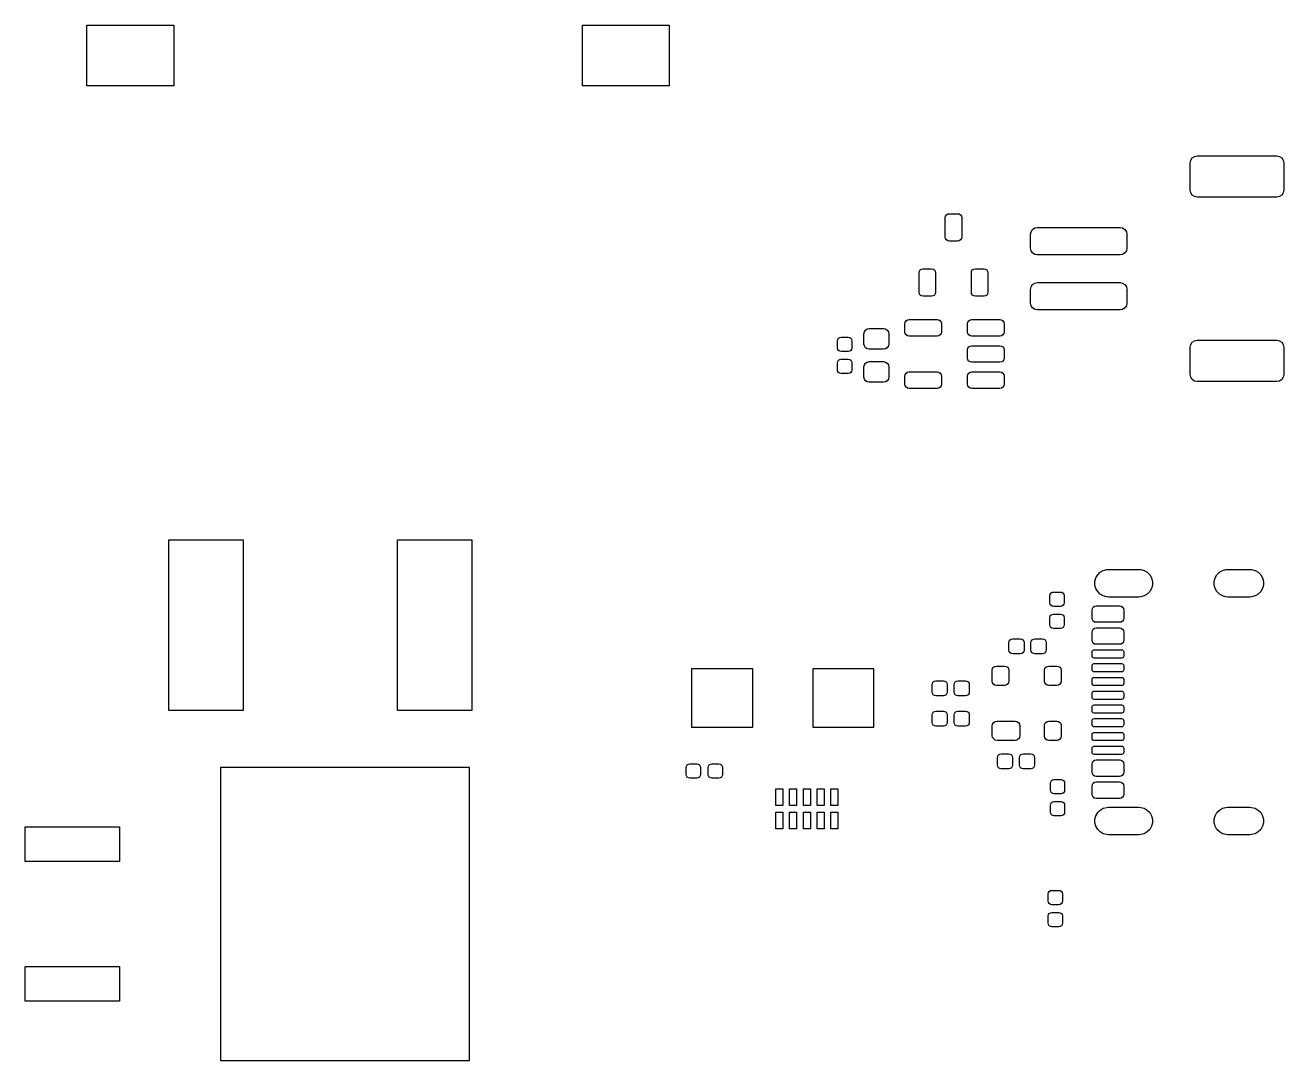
# Model space of a CAD drawing. Extents: x 2.79 to 6.46, y -4.6 to -1.68.
# Drawn here: x 4.661 to 6.461, y -4.6 to -3.118 of the extents above; entities that cross this region are included whole.
import ezdxf

# ---------------------------------------------------------------- set-up
doc = ezdxf.new("R2010")
doc.units = 0
doc.header["$MEASUREMENT"] = 0
doc.layers.add('BLACK', color=7, linetype='CONTINUOUS')

msp = doc.modelspace()

# ---------------------------------------------------------------- linework, layer by layer
at = {"layer": 'BLACK', "linetype": 'CONTINUOUS'}
for p, q in [((4.749, -3.2047), (4.749, -3.1181)), ((4.749, -3.1181), (4.873, -3.1181)), ((4.873, -3.1181), (4.873, -3.2047)), ((5.4577, -3.2047), (5.4577, -3.1181)), ((5.4577, -3.1181), (5.5817, -3.1181)), ((5.5817, -3.1181), (5.5817, -3.2047)), ((4.873, -3.2047), (4.749, -3.2047)), ((5.5817, -3.2047), (5.4577, -3.2047)), ((6.3268, -3.315), (6.3275, -3.3112)), ((6.3275, -3.3112), (6.3297, -3.308)), ((6.3297, -3.308), (6.3328, -3.3059)), ((6.3328, -3.3059), (6.3366, -3.3051)), ((6.3366, -3.3051), (6.4508, -3.3051)), ((6.4508, -3.3051), (6.4546, -3.3059)), ((6.4546, -3.3059), (6.4577, -3.308)), ((6.4577, -3.308), (6.4599, -3.3112)), ((6.4599, -3.3112), (6.4606, -3.315)), ((6.3268, -3.3543), (6.3268, -3.315)), ((6.4606, -3.315), (6.4606, -3.3543)), ((6.3275, -3.3581), (6.3268, -3.3543)), ((6.3297, -3.3613), (6.3275, -3.3581)), ((6.3328, -3.3634), (6.3297, -3.3613)), ((6.3366, -3.3642), (6.3328, -3.3634)), ((6.4508, -3.3642), (6.3366, -3.3642)), ((6.4546, -3.3634), (6.4508, -3.3642)), ((6.4577, -3.3613), (6.4546, -3.3634)), ((6.4599, -3.3581), (6.4577, -3.3613)), ((6.4606, -3.3543), (6.4599, -3.3581)), ((5.9764, -3.3937), (5.9768, -3.3914)), ((5.9764, -3.4213), (5.9764, -3.3937)), ((5.9768, -3.3914), (5.9781, -3.3895)), ((5.9781, -3.3895), (5.98, -3.3882)), ((5.98, -3.3882), (5.9823, -3.3878)), ((5.9823, -3.3878), (5.9941, -3.3878)), ((5.9941, -3.3878), (5.9964, -3.3882)), ((5.9964, -3.3882), (5.9983, -3.3895)), ((5.9983, -3.3895), (5.9996, -3.3914)), ((5.9996, -3.3914), (6, -3.3937)), ((6, -3.3937), (6, -3.4213)), ((6.0984, -3.4173), (6.0992, -3.4136)), ((6.0984, -3.437), (6.0984, -3.4173)), ((6.0992, -3.4136), (6.1013, -3.4104)), ((6.1013, -3.4104), (6.1045, -3.4082)), ((6.1045, -3.4082), (6.1083, -3.4075)), ((6.1083, -3.4075), (6.2264, -3.4075)), ((6.2264, -3.4075), (6.2301, -3.4082)), ((6.2301, -3.4082), (6.2333, -3.4104)), ((6.2333, -3.4104), (6.2355, -3.4136)), ((6.2355, -3.4136), (6.2362, -3.4173)), ((6.2362, -3.4173), (6.2362, -3.437)), ((5.9768, -3.4235), (5.9764, -3.4213)), ((5.9781, -3.4254), (5.9768, -3.4235)), ((5.98, -3.4267), (5.9781, -3.4254)), ((5.9823, -3.4272), (5.98, -3.4267)), ((5.9941, -3.4272), (5.9823, -3.4272)), ((5.9964, -3.4267), (5.9941, -3.4272)), ((5.9983, -3.4254), (5.9964, -3.4267)), ((5.9996, -3.4235), (5.9983, -3.4254)), ((6, -3.4213), (5.9996, -3.4235)), ((6.0992, -3.4408), (6.0984, -3.437)), ((6.2362, -3.437), (6.2355, -3.4408)), ((6.1013, -3.444), (6.0992, -3.4408)), ((6.1045, -3.4461), (6.1013, -3.444)), ((6.1083, -3.4469), (6.1045, -3.4461)), ((6.2264, -3.4469), (6.1083, -3.4469)), ((6.2301, -3.4461), (6.2264, -3.4469)), ((6.2333, -3.444), (6.2301, -3.4461)), ((6.2355, -3.4408), (6.2333, -3.444)), ((5.939, -3.4724), (5.9394, -3.4702)), ((5.939, -3.5), (5.939, -3.4724)), ((5.9394, -3.4702), (5.9407, -3.4683)), ((5.9407, -3.4683), (5.9426, -3.467)), ((5.9426, -3.467), (5.9449, -3.4665)), ((5.9449, -3.4665), (5.9567, -3.4665)), ((5.9567, -3.4665), (5.959, -3.467)), ((5.959, -3.467), (5.9609, -3.4683)), ((5.9609, -3.4683), (5.9621, -3.4702)), ((5.9621, -3.4702), (5.9626, -3.4724)), ((5.9626, -3.4724), (5.9626, -3.5)), ((6.0138, -3.4724), (6.0142, -3.4702)), ((6.0138, -3.5), (6.0138, -3.4724)), ((6.0142, -3.4702), (6.0155, -3.4683)), ((6.0155, -3.4683), (6.0174, -3.467)), ((6.0174, -3.467), (6.0197, -3.4665)), ((6.0197, -3.4665), (6.0315, -3.4665)), ((6.0315, -3.4665), (6.0338, -3.467)), ((6.0338, -3.467), (6.0357, -3.4683)), ((6.0357, -3.4683), (6.037, -3.4702)), ((6.037, -3.4702), (6.0374, -3.4724)), ((6.0374, -3.4724), (6.0374, -3.5)), ((6.0992, -3.4923), (6.1013, -3.4891)), ((6.1013, -3.4891), (6.1045, -3.487)), ((6.1045, -3.487), (6.1083, -3.4862)), ((6.1083, -3.4862), (6.2264, -3.4862)), ((6.2264, -3.4862), (6.2301, -3.487)), ((6.2301, -3.487), (6.2333, -3.4891)), ((6.2333, -3.4891), (6.2355, -3.4923)), ((5.9394, -3.5023), (5.939, -3.5)), ((5.9407, -3.5042), (5.9394, -3.5023)), ((5.9426, -3.5055), (5.9407, -3.5042)), ((5.9449, -3.5059), (5.9426, -3.5055)), ((5.9567, -3.5059), (5.9449, -3.5059)), ((5.959, -3.5055), (5.9567, -3.5059)), ((5.9609, -3.5042), (5.959, -3.5055)), ((5.9621, -3.5023), (5.9609, -3.5042)), ((5.9626, -3.5), (5.9621, -3.5023)), ((6.0142, -3.5023), (6.0138, -3.5)), ((6.0155, -3.5042), (6.0142, -3.5023)), ((6.0174, -3.5055), (6.0155, -3.5042)), ((6.0197, -3.5059), (6.0174, -3.5055)), ((6.0315, -3.5059), (6.0197, -3.5059)), ((6.0338, -3.5055), (6.0315, -3.5059)), ((6.0357, -3.5042), (6.0338, -3.5055)), ((6.037, -3.5023), (6.0357, -3.5042)), ((6.0374, -3.5), (6.037, -3.5023)), ((6.0984, -3.4961), (6.0992, -3.4923)), ((6.0984, -3.5157), (6.0984, -3.4961)), ((6.2355, -3.4923), (6.2362, -3.4961)), ((6.2362, -3.4961), (6.2362, -3.5157)), ((6.0992, -3.5195), (6.0984, -3.5157)), ((6.1013, -3.5227), (6.0992, -3.5195)), ((6.1045, -3.5248), (6.1013, -3.5227)), ((6.1083, -3.5256), (6.1045, -3.5248)), ((6.2264, -3.5256), (6.1083, -3.5256)), ((6.2301, -3.5248), (6.2264, -3.5256)), ((6.2333, -3.5227), (6.2301, -3.5248)), ((6.2355, -3.5195), (6.2333, -3.5227)), ((6.2362, -3.5157), (6.2355, -3.5195)), ((5.9188, -3.5453), (5.9192, -3.543)), ((5.9188, -3.5571), (5.9188, -3.5453)), ((5.9192, -3.543), (5.9205, -3.5411)), ((5.9205, -3.5411), (5.9224, -3.5398)), ((5.9224, -3.5398), (5.9247, -3.5394)), ((5.9247, -3.5394), (5.9651, -3.5394)), ((5.9651, -3.5394), (5.9673, -3.5398)), ((5.9673, -3.5398), (5.9692, -3.5411)), ((5.9692, -3.5411), (5.9705, -3.543)), ((5.9705, -3.543), (5.971, -3.5453)), ((5.971, -3.5453), (5.971, -3.5571)), ((6.0084, -3.5453), (6.0088, -3.543)), ((6.0084, -3.5571), (6.0084, -3.5453)), ((6.0088, -3.543), (6.0101, -3.5411)), ((6.0101, -3.5411), (6.012, -3.5398)), ((6.012, -3.5398), (6.0143, -3.5394)), ((6.0143, -3.5394), (6.0546, -3.5394)), ((6.0546, -3.5394), (6.0569, -3.5398)), ((6.0569, -3.5398), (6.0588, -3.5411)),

= = =

__PROBLEM DESCRIPTION__
Which lines of the records above contain the word "linetype"? Show each of them.

__OUTPUT BELOW__
doc.layers.add('BLACK', color=7, linetype='CONTINUOUS')
at = {"layer": 'BLACK', "linetype": 'CONTINUOUS'}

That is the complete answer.